=== Work instructions ===
Only one span of the listing below is wanted: the lines from the one with "Gain8 : Gain" through the one with "Gain9/1 -> Sum6/2", reproduced exactly, both ends kept.

- Opening Delimiter -

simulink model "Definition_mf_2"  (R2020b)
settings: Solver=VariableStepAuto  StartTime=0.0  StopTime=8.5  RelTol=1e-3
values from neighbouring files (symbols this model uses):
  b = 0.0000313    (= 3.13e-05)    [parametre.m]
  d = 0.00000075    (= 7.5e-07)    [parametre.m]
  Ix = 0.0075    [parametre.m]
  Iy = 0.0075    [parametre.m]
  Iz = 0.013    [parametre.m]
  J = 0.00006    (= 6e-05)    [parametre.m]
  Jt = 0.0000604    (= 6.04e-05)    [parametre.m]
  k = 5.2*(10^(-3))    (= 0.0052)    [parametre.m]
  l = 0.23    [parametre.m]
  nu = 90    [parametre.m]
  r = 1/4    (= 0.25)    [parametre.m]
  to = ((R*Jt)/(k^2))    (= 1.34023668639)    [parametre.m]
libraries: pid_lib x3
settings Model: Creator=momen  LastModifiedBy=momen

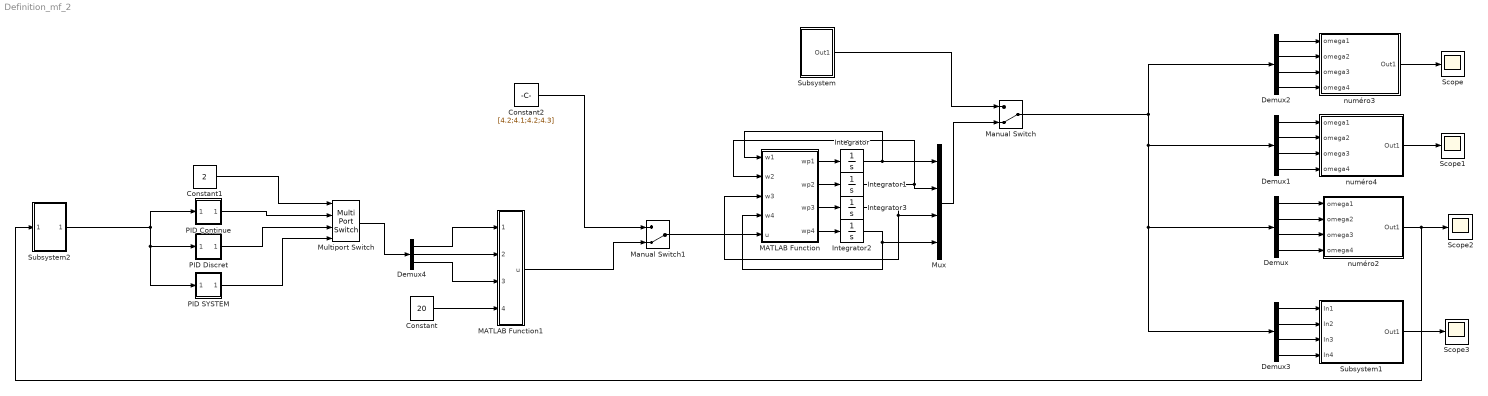
== system Definition_mf_2 ==
  Constant : Constant  Value=20
  Constant1 : Constant  Value=2
  Constant2 : Constant  Value=[4.2;4.1;4.2;4.3]
  Demux{,1..3} (4 alike) : Demux
  Demux4 : Demux  Outputs=3
  Integrator{,1..3} (4 alike) : Integrator
  MATLAB Function : MATLAB Function  TreatAsAtomicUnit=on
  MATLAB Function1 : MATLAB Function  TreatAsAtomicUnit=on
  Manual Switch : ManualSwitch  CurrentSetting=0
  Manual Switch1 : ManualSwitch  CurrentSetting=0
  Multiport Switch : MultiPortSwitch
  Mux : Mux
  PID Continue : Subsystem
  PID Discret : Subsystem
  PID SYSTEM : Subsystem
  Scope{,1..3} (4 alike) : Scope
  Subsystem : Subsystem
  Subsystem1 : Subsystem
  Subsystem2 : Subsystem
  numéro2 : Subsystem
  numéro3 : Subsystem
  numéro4 : Subsystem
  wires:
  numéro4/1(Out1) -> Scope1/1
  numéro2/1(Out1) -> Subsystem2/1(In1), Scope2/1
  Demux2/1 -> numéro3/1(omega1)
  Demux2/2 -> numéro3/2(omega2)
  Demux2/3 -> numéro3/3(omega3)
  Demux2/4 -> numéro3/4(omega4)
  Demux1/1 -> numéro4/1(omega1)
  Demux1/2 -> numéro4/2(omega2)
  Demux1/3 -> numéro4/3(omega3)
  Demux1/4 -> numéro4/4(omega4)
  Demux/4 -> numéro2/4(omega4)
  Demux/3 -> numéro2/3(omega3)
  Demux/2 -> numéro2/2(omega2)
  Demux/1 -> numéro2/1(omega1)
  Demux3/1 -> Subsystem1/1(In1)
  Demux3/2 -> Subsystem1/2(In2)
  Demux3/3 -> Subsystem1/3(In3)
  Demux3/4 -> Subsystem1/4(In4)
  Subsystem1/1(Out1) -> Scope3/1
  Constant2/1 -> Manual Switch1/1
  MATLAB Function/1(wp1) -> Integrator/1
  MATLAB Function/2(wp2) -> Integrator1/1
  MATLAB Function/3(wp3) -> Integrator3/1
  MATLAB Function/4(wp4) -> Integrator2/1
  Manual Switch/1 -> Demux3/1, Demux/1, Demux1/1, Demux2/1
  Subsystem/1(Out1) -> Manual Switch/1
  Integrator/1 -> MATLAB Function/1(w1), Mux/1
  Integrator1/1 -> Mux/2, MATLAB Function/2(w2)
  Integrator3/1 -> Mux/3, MATLAB Function/3(w3)
  Integrator2/1 -> Mux/4, MATLAB Function/4(w4)
  Mux/1 -> Manual Switch/2
  Manual Switch1/1 -> MATLAB Function/5(u)
  MATLAB Function1/1(u) -> Manual Switch1/2
  Constant/1 -> MATLAB Function1/4(v4)
  numéro3/1(Out1) -> Scope/1
  Subsystem2/1(Out1) -> PID SYSTEM/1(In1), PID Discret/1(In1), PID Continue/1(In1)
  PID Continue/1(Out1) -> Multiport Switch/2
  Demux4/1 -> MATLAB Function1/1(v1)
  Demux4/2 -> MATLAB Function1/2(v2)
  Demux4/3 -> MATLAB Function1/3(v3)
  PID Discret/1(Out1) -> Multiport Switch/3
  Multiport Switch/1 -> Demux4/1
  Constant1/1 -> Multiport Switch/1
  PID SYSTEM/1(Out1) -> Multiport Switch/4

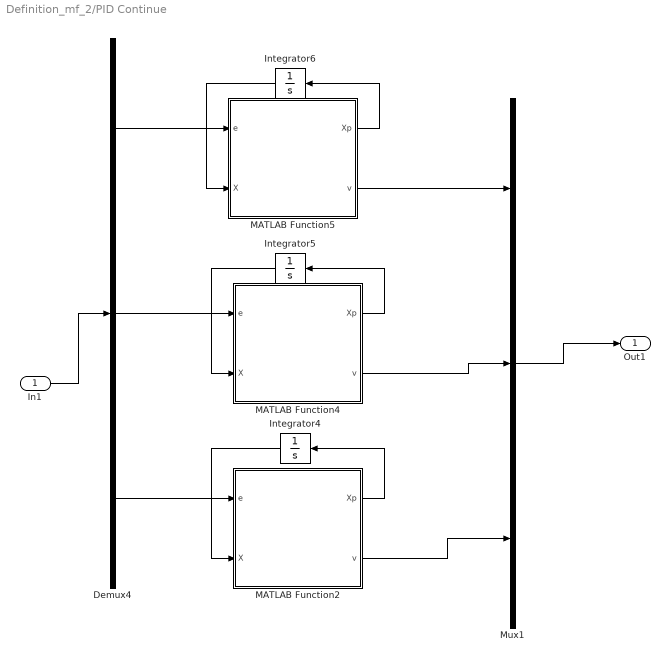
== system Definition_mf_2/PID Continue ==
  In1 : Inport
  Demux4 : Demux  Outputs=3
  Integrator4 : Integrator  InitialCondition=[0;0]
  Integrator5 : Integrator  InitialCondition=[0;0]
  Integrator6 : Integrator  InitialCondition=[0;0]
  MATLAB Function2 : MATLAB Function  TreatAsAtomicUnit=on
  MATLAB Function4 : MATLAB Function  TreatAsAtomicUnit=on
  MATLAB Function5 : MATLAB Function  TreatAsAtomicUnit=on
  Mux1 : Mux  Inputs=3
  Out1 : Outport
  wires:
  MATLAB Function5/1(Xp) -> Integrator6/1
  MATLAB Function2/1(Xp) -> Integrator4/1
  Demux4/1 -> MATLAB Function5/1(e)
  Integrator6/1 -> MATLAB Function5/2(X)
  Integrator5/1 -> MATLAB Function4/2(X)
  MATLAB Function5/2(v) -> Mux1/1
  MATLAB Function4/2(v) -> Mux1/2
  Demux4/2 -> MATLAB Function4/1(e)
  MATLAB Function4/1(Xp) -> Integrator5/1
  MATLAB Function2/2(v) -> Mux1/3
  Demux4/3 -> MATLAB Function2/1(e)
  Integrator4/1 -> MATLAB Function2/2(X)
  Mux1/1 -> Out1/1
  In1/1 -> Demux4/1

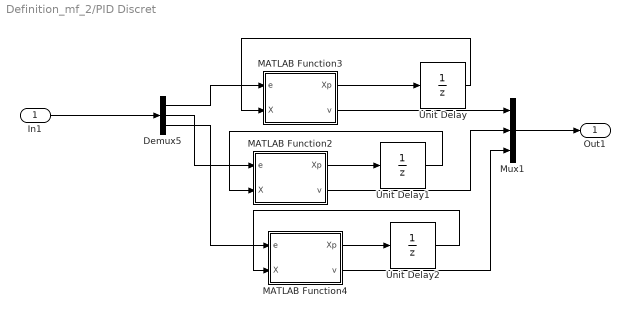
== system Definition_mf_2/PID Discret ==
  In1 : Inport
  Demux5 : Demux  Outputs=3
  MATLAB Function2 : MATLAB Function  TreatAsAtomicUnit=on
  MATLAB Function3 : MATLAB Function  TreatAsAtomicUnit=on
  MATLAB Function4 : MATLAB Function  TreatAsAtomicUnit=on
  Mux1 : Mux  Inputs=3
  Unit Delay : UnitDelay  InitialCondition=[0;0]  SampleTime=-1  HasFrameUpgradeWarning=on
  Unit Delay1 : UnitDelay  InitialCondition=[0;0]  SampleTime=-1  HasFrameUpgradeWarning=on
  Unit Delay2 : UnitDelay  InitialCondition=[0;0]  SampleTime=-1  HasFrameUpgradeWarning=on
  Out1 : Outport
  wires:
  MATLAB Function3/1(Xp) -> Unit Delay/1
  Unit Delay1/1 -> MATLAB Function2/2(X)
  MATLAB Function2/1(Xp) -> Unit Delay1/1
  Demux5/3 -> MATLAB Function4/1(e)
  MATLAB Function4/1(Xp) -> Unit Delay2/1
  MATLAB Function2/2(v) -> Mux1/2
  Unit Delay2/1 -> MATLAB Function4/2(X)
  Unit Delay/1 -> MATLAB Function3/2(X)
  Demux5/2 -> MATLAB Function2/1(e)
  MATLAB Function3/2(v) -> Mux1/1
  MATLAB Function4/2(v) -> Mux1/3
  Mux1/1 -> Out1/1
  Demux5/1 -> MATLAB Function3/1(e)
  In1/1 -> Demux5/1

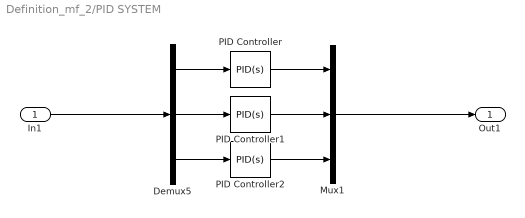
== system Definition_mf_2/PID SYSTEM ==
  In1 : Inport
  Demux5 : Demux  Outputs=3
  Mux1 : Mux  Inputs=3
  PID Controller : pid_lib/PID Controller  Controller=PID  Form=Parallel  TimeDomain=Continuous-time  UseExternalTs=off  SampleTime=-1  IntegratorMethod=Forward Euler  FilterMethod=Forward Euler  ControllerParametersSource=internal  P=0.9  I=0.3  D=0.2  UseFilter=on  N=100  TunerSelectOption=Transfer Function Based (PID Tuner App)  InitialConditionSource=internal  InitialConditionForIntegrator=0  InitialConditionForFilter=0  DifferentiatorICPrevScaledInput=0  ExternalReset=none  TrackingMode=off  Kt=1  LimitOutput=off  SatLimitsSource=internal  UpperSaturationLimit=inf  LowerSaturationLimit=-inf  LinearizeAsGain=on  AntiWindupMode=none  Kb=1  POutMin=[]  POutMax=[]  IOutMin=[]  IOutMax=[]  DOutMin=[]  DOutMax=[]  NOutMin=[]  NOutMax=[]  SumOutMin=[]  SumOutMax=[]  SaturationOutMin=[]  SaturationOutMax=[]  PParamMin=[]  PParamMax=[]  IParamMin=[]  IParamMax=[]  DParamMin=[]  DParamMax=[]  NParamMin=[]  NParamMax=[]  KbParamMin=[]  KbParamMax=[]  KtParamMin=[]  KtParamMax=[]  KbOutMin=[]  KbOutMax=[]  KtOutMin=[]  KtOutMax=[]  IntegratorOutMin=[]  IntegratorOutMax=[]  FilterOutMin=[]  FilterOutMax=[]  SumI1OutMin=[]  SumI1OutMax=[]  SumI2OutMin=[]  SumI2OutMax=[]  SumI3OutMin=[]  SumI3OutMax=[]  SumI4OutMin=[]  SumI4OutMax=[]  SumDOutMin=[]  SumDOutMax=[]  DifferentiatorOutMin=[]  DifferentiatorOutMax=[]  FilterDiffOutCoefMin=[]  FilterDiffOutCoefMax=[]  ReciprocalOutMin=[]  ReciprocalOutMax=[]  SumDenOutMin=[]  SumDenOutMax=[]  SumNumOutMin=[]  SumNumOutMax=[]  DivideOutMin=[]  DivideOutMax=[]  UdiffTsProdOutMin=[]  UdiffTsProdOutMax=[]  NTsProdOutMin=[]  NTsProdOutMax=[]  UintegralTsProdOutMin=[]  UintegralTsProdOutMax=[]  UngainTsProdOutMin=[]  UngainTsProdOutMax=[]  IntegratorContinuousStateAttributes=''  IntegratorStateMustResolveToSignalObject=off  IntegratorRTWStateStorageClass=Auto  FilterContinuousStateAttributes=''  FilterStateMustResolveToSignalObject=off  FilterRTWStateStorageClass=Auto  ParallelPVariant=InternalParameters  IdealPVariant=Disabled  IVariant=InternalParameters  DVariant=InternalParameters  IntegratorVariant=Continuous  SatVariant=Disabled  AWVariant=Passthrough  PCopyVariant=Disabled  TRVariant=Disabled  FdbkBlocksVariant=Forward  IdealPFdbkVariant=Disabled  SatFdbkVariant=Disabled  DerivativeFilterVariant=ContFilter  NVariant=InternalParameters  NCopyVariant=Disabled  FilterICVariant=InternalICsFilter  IntegratorICVariant=InternalICs  ExternalResetVariant=Disabled  TRSumVariant=Passthrough  SumFdbkVariant=Disabled  SumVariant=Sum_PID  TsampFilterVariant=InternalTs  TsampNgainVariant=Passthrough  TsampIntegralVariant=Passthrough  ExternalSaturationOutDataTypeStr=Inherit: Same as second input
  PID Controller1 : pid_lib/PID Controller  Controller=PID  Form=Parallel  TimeDomain=Continuous-time  UseExternalTs=off  SampleTime=-1  IntegratorMethod=Forward Euler  FilterMethod=Forward Euler  ControllerParametersSource=internal  P=0.9  I=0.3  D=0.2  UseFilter=on  N=100  TunerSelectOption=Transfer Function Based (PID Tuner App)  InitialConditionSource=internal  InitialConditionForIntegrator=0  InitialConditionForFilter=0  DifferentiatorICPrevScaledInput=0  ExternalReset=none  TrackingMode=off  Kt=1  LimitOutput=off  SatLimitsSource=internal  UpperSaturationLimit=inf  LowerSaturationLimit=-inf  LinearizeAsGain=on  AntiWindupMode=none  Kb=1  POutMin=[]  POutMax=[]  IOutMin=[]  IOutMax=[]  DOutMin=[]  DOutMax=[]  NOutMin=[]  NOutMax=[]  SumOutMin=[]  SumOutMax=[]  SaturationOutMin=[]  SaturationOutMax=[]  PParamMin=[]  PParamMax=[]  IParamMin=[]  IParamMax=[]  DParamMin=[]  DParamMax=[]  NParamMin=[]  NParamMax=[]  KbParamMin=[]  KbParamMax=[]  KtParamMin=[]  KtParamMax=[]  KbOutMin=[]  KbOutMax=[]  KtOutMin=[]  KtOutMax=[]  IntegratorOutMin=[]  IntegratorOutMax=[]  FilterOutMin=[]  FilterOutMax=[]  SumI1OutMin=[]  SumI1OutMax=[]  SumI2OutMin=[]  SumI2OutMax=[]  SumI3OutMin=[]  SumI3OutMax=[]  SumI4OutMin=[]  SumI4OutMax=[]  SumDOutMin=[]  SumDOutMax=[]  DifferentiatorOutMin=[]  DifferentiatorOutMax=[]  FilterDiffOutCoefMin=[]  FilterDiffOutCoefMax=[]  ReciprocalOutMin=[]  ReciprocalOutMax=[]  SumDenOutMin=[]  SumDenOutMax=[]  SumNumOutMin=[]  SumNumOutMax=[]  DivideOutMin=[]  DivideOutMax=[]  UdiffTsProdOutMin=[]  UdiffTsProdOutMax=[]  NTsProdOutMin=[]  NTsProdOutMax=[]  UintegralTsProdOutMin=[]  UintegralTsProdOutMax=[]  UngainTsProdOutMin=[]  UngainTsProdOutMax=[]  IntegratorContinuousStateAttributes=''  IntegratorStateMustResolveToSignalObject=off  IntegratorRTWStateStorageClass=Auto  FilterContinuousStateAttributes=''  FilterStateMustResolveToSignalObject=off  FilterRTWStateStorageClass=Auto  ParallelPVariant=InternalParameters  IdealPVariant=Disabled  IVariant=InternalParameters  DVariant=InternalParameters  IntegratorVariant=Continuous  SatVariant=Disabled  AWVariant=Passthrough  PCopyVariant=Disabled  TRVariant=Disabled  FdbkBlocksVariant=Forward  IdealPFdbkVariant=Disabled  SatFdbkVariant=Disabled  DerivativeFilterVariant=ContFilter  NVariant=InternalParameters  NCopyVariant=Disabled  FilterICVariant=InternalICsFilter  IntegratorICVariant=InternalICs  ExternalResetVariant=Disabled  TRSumVariant=Passthrough  SumFdbkVariant=Disabled  SumVariant=Sum_PID  TsampFilterVariant=InternalTs  TsampNgainVariant=Passthrough  TsampIntegralVariant=Passthrough  ExternalSaturationOutDataTypeStr=Inherit: Same as second input
  PID Controller2 : pid_lib/PID Controller  Controller=PID  Form=Parallel  TimeDomain=Continuous-time  UseExternalTs=off  SampleTime=-1  IntegratorMethod=Forward Euler  FilterMethod=Forward Euler  ControllerParametersSource=internal  P=0.06  I=0.3  D=0.02  UseFilter=on  N=100  TunerSelectOption=Transfer Function Based (PID Tuner App)  InitialConditionSource=internal  InitialConditionForIntegrator=0  InitialConditionForFilter=0  DifferentiatorICPrevScaledInput=0  ExternalReset=none  TrackingMode=off  Kt=1  LimitOutput=off  SatLimitsSource=internal  UpperSaturationLimit=inf  LowerSaturationLimit=-inf  LinearizeAsGain=on  AntiWindupMode=none  Kb=1  POutMin=[]  POutMax=[]  IOutMin=[]  IOutMax=[]  DOutMin=[]  DOutMax=[]  NOutMin=[]  NOutMax=[]  SumOutMin=[]  SumOutMax=[]  SaturationOutMin=[]  SaturationOutMax=[]  PParamMin=[]  PParamMax=[]  IParamMin=[]  IParamMax=[]  DParamMin=[]  DParamMax=[]  NParamMin=[]  NParamMax=[]  KbParamMin=[]  KbParamMax=[]  KtParamMin=[]  KtParamMax=[]  KbOutMin=[]  KbOutMax=[]  KtOutMin=[]  KtOutMax=[]  IntegratorOutMin=[]  IntegratorOutMax=[]  FilterOutMin=[]  FilterOutMax=[]  SumI1OutMin=[]  SumI1OutMax=[]  SumI2OutMin=[]  SumI2OutMax=[]  SumI3OutMin=[]  SumI3OutMax=[]  SumI4OutMin=[]  SumI4OutMax=[]  SumDOutMin=[]  SumDOutMax=[]  DifferentiatorOutMin=[]  DifferentiatorOutMax=[]  FilterDiffOutCoefMin=[]  FilterDiffOutCoefMax=[]  ReciprocalOutMin=[]  ReciprocalOutMax=[]  SumDenOutMin=[]  SumDenOutMax=[]  SumNumOutMin=[]  SumNumOutMax=[]  DivideOutMin=[]  DivideOutMax=[]  UdiffTsProdOutMin=[]  UdiffTsProdOutMax=[]  NTsProdOutMin=[]  NTsProdOutMax=[]  UintegralTsProdOutMin=[]  UintegralTsProdOutMax=[]  UngainTsProdOutMin=[]  UngainTsProdOutMax=[]  IntegratorContinuousStateAttributes=''  IntegratorStateMustResolveToSignalObject=off  IntegratorRTWStateStorageClass=Auto  FilterContinuousStateAttributes=''  FilterStateMustResolveToSignalObject=off  FilterRTWStateStorageClass=Auto  ParallelPVariant=InternalParameters  IdealPVariant=Disabled  IVariant=InternalParameters  DVariant=InternalParameters  IntegratorVariant=Continuous  SatVariant=Disabled  AWVariant=Passthrough  PCopyVariant=Disabled  TRVariant=Disabled  FdbkBlocksVariant=Forward  IdealPFdbkVariant=Disabled  SatFdbkVariant=Disabled  DerivativeFilterVariant=ContFilter  NVariant=InternalParameters  NCopyVariant=Disabled  FilterICVariant=InternalICsFilter  IntegratorICVariant=InternalICs  ExternalResetVariant=Disabled  TRSumVariant=Passthrough  SumFdbkVariant=Disabled  SumVariant=Sum_PID  TsampFilterVariant=InternalTs  TsampNgainVariant=Passthrough  TsampIntegralVariant=Passthrough  ExternalSaturationOutDataTypeStr=Inherit: Same as second input
  Out1 : Outport
  wires:
  In1/1 -> Demux5/1
  Demux5/3 -> PID Controller2/1
  Demux5/1 -> PID Controller/1
  Demux5/2 -> PID Controller1/1
  Mux1/1 -> Out1/1
  PID Controller/1 -> Mux1/1
  PID Controller1/1 -> Mux1/2
  PID Controller2/1 -> Mux1/3

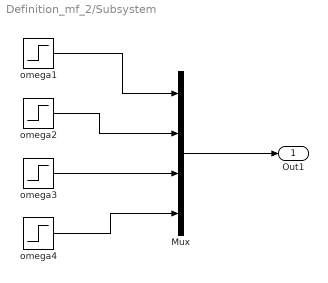
== system Definition_mf_2/Subsystem ==
  Mux : Mux
  omega{1..4} (4 alike) : Step  Time=2  After=150  SampleTime=0
  Out1 : Outport
  wires:
  omega3/1 -> Mux/3
  omega2/1 -> Mux/2
  omega1/1 -> Mux/1
  omega4/1 -> Mux/4
  Mux/1 -> Out1/1

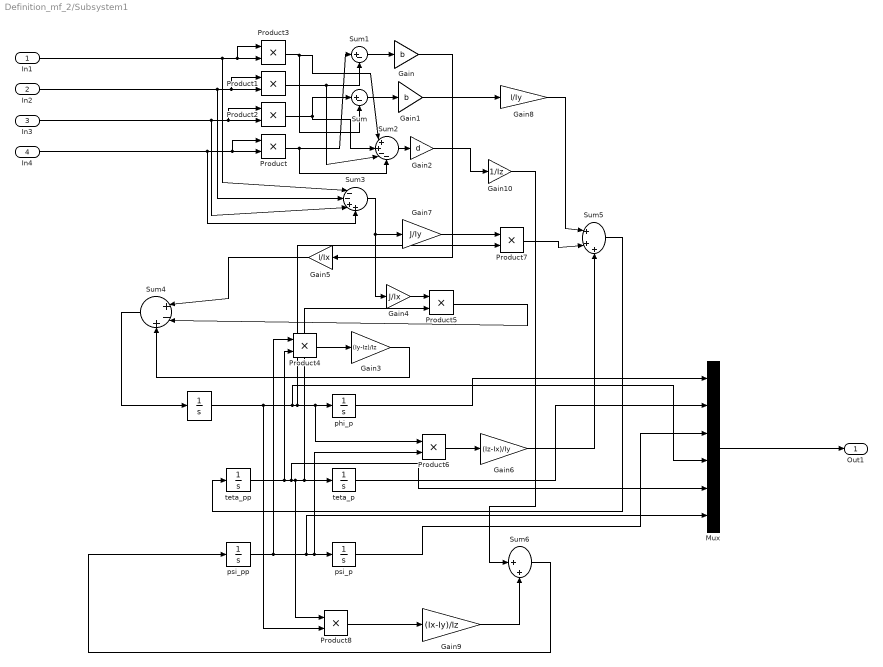
== system Definition_mf_2/Subsystem1 ==
  In1 : Inport
  In2 : Inport  Port=2
  In3 : Inport  Port=3
  In4 : Inport  Port=4
  " " : Integrator
  Gain : Gain  Gain=b
  Gain1 : Gain  Gain=b
  Gain10 : Gain  Gain=1/Iz
  Gain2 : Gain  Gain=d
  Gain3 : Gain  Gain=(Iy-Iz)/Iz
  Gain4 : Gain  Gain=J/Ix
  Gain5 : Gain  Gain=l/Ix
  Gain6 : Gain  Gain=(Iz-Ix)/Iy
  Gain7 : Gain  Gain=J/Iy
  Gain8 : Gain  Gain=l/Iy
  Gain9 : Gain  Gain=(Ix-Iy)/Iz
  Mux : Mux  Inputs=6
  Product{,1..8} (9 alike) : Product
  Sum : Sum  Inputs=|+-
  Sum1 : Sum  Inputs=|+-
  Sum2 : Sum  Inputs=|++--
  Sum3 : Sum  Inputs=|--++
  Sum4 : Sum  Inputs=|+-+
  Sum5 : Sum  Inputs=|+++
  Sum6 : Sum  Inputs=|++
  phi_p : Integrator
  psi_p : Integrator
  psi_pp : Integrator
  teta_p : Integrator
  teta_pp : Integrator
  Out1 : Outport
  wires:
  In2/1 -> Sum3/2, Product1/1, Product1/2
  Product8/1 -> Gain9/1
  Product5/1 -> Sum4/2
  Product2/1 -> Sum2/2, Sum/1
  Product1/1 -> Sum2/3, Sum1/2
  Product4/1 -> Gain3/1
  " "/1 -> Product8/2, Mux/4, Product7/2, Product6/1, phi_p/1
  Sum2/1 -> Gain2/1
  Product6/1 -> Gain6/1
  Gain6/1 -> Sum5/3
  In4/1 -> Sum3/4, Product/1, Product/2
  Sum1/1 -> Gain/1
  In1/1 -> Product3/2, Product3/1, Sum3/1
  teta_pp/1 -> Product4/2, Mux/5, Product8/1, teta_p/1, Product5/2
  Gain10/1 -> Sum6/1
  Sum3/1 -> Gain4/1, Gain7/1
  Product3/1 -> Sum2/1, Sum/2
  Gain8/1 -> Sum5/1
  psi_pp/1 -> Product4/1, Mux/6, Product6/2, psi_p/1
  Product/1 -> Sum2/4, Sum1/1
  Gain1/1 -> Gain8/1
  Gain9/1 -> Sum6/2
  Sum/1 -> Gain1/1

- Closing Delimiter -

=== Exercise answer ===
  Gain8 : Gain  Gain=l/Iy
  Gain9 : Gain  Gain=(Ix-Iy)/Iz
  Mux : Mux  Inputs=6
  Product{,1..8} (9 alike) : Product
  Sum : Sum  Inputs=|+-
  Sum1 : Sum  Inputs=|+-
  Sum2 : Sum  Inputs=|++--
  Sum3 : Sum  Inputs=|--++
  Sum4 : Sum  Inputs=|+-+
  Sum5 : Sum  Inputs=|+++
  Sum6 : Sum  Inputs=|++
  phi_p : Integrator
  psi_p : Integrator
  psi_pp : Integrator
  teta_p : Integrator
  teta_pp : Integrator
  Out1 : Outport
  wires:
  In2/1 -> Sum3/2, Product1/1, Product1/2
  Product8/1 -> Gain9/1
  Product5/1 -> Sum4/2
  Product2/1 -> Sum2/2, Sum/1
  Product1/1 -> Sum2/3, Sum1/2
  Product4/1 -> Gain3/1
  " "/1 -> Product8/2, Mux/4, Product7/2, Product6/1, phi_p/1
  Sum2/1 -> Gain2/1
  Product6/1 -> Gain6/1
  Gain6/1 -> Sum5/3
  In4/1 -> Sum3/4, Product/1, Product/2
  Sum1/1 -> Gain/1
  In1/1 -> Product3/2, Product3/1, Sum3/1
  teta_pp/1 -> Product4/2, Mux/5, Product8/1, teta_p/1, Product5/2
  Gain10/1 -> Sum6/1
  Sum3/1 -> Gain4/1, Gain7/1
  Product3/1 -> Sum2/1, Sum/2
  Gain8/1 -> Sum5/1
  psi_pp/1 -> Product4/1, Mux/6, Product6/2, psi_p/1
  Product/1 -> Sum2/4, Sum1/1
  Gain1/1 -> Gain8/1
  Gain9/1 -> Sum6/2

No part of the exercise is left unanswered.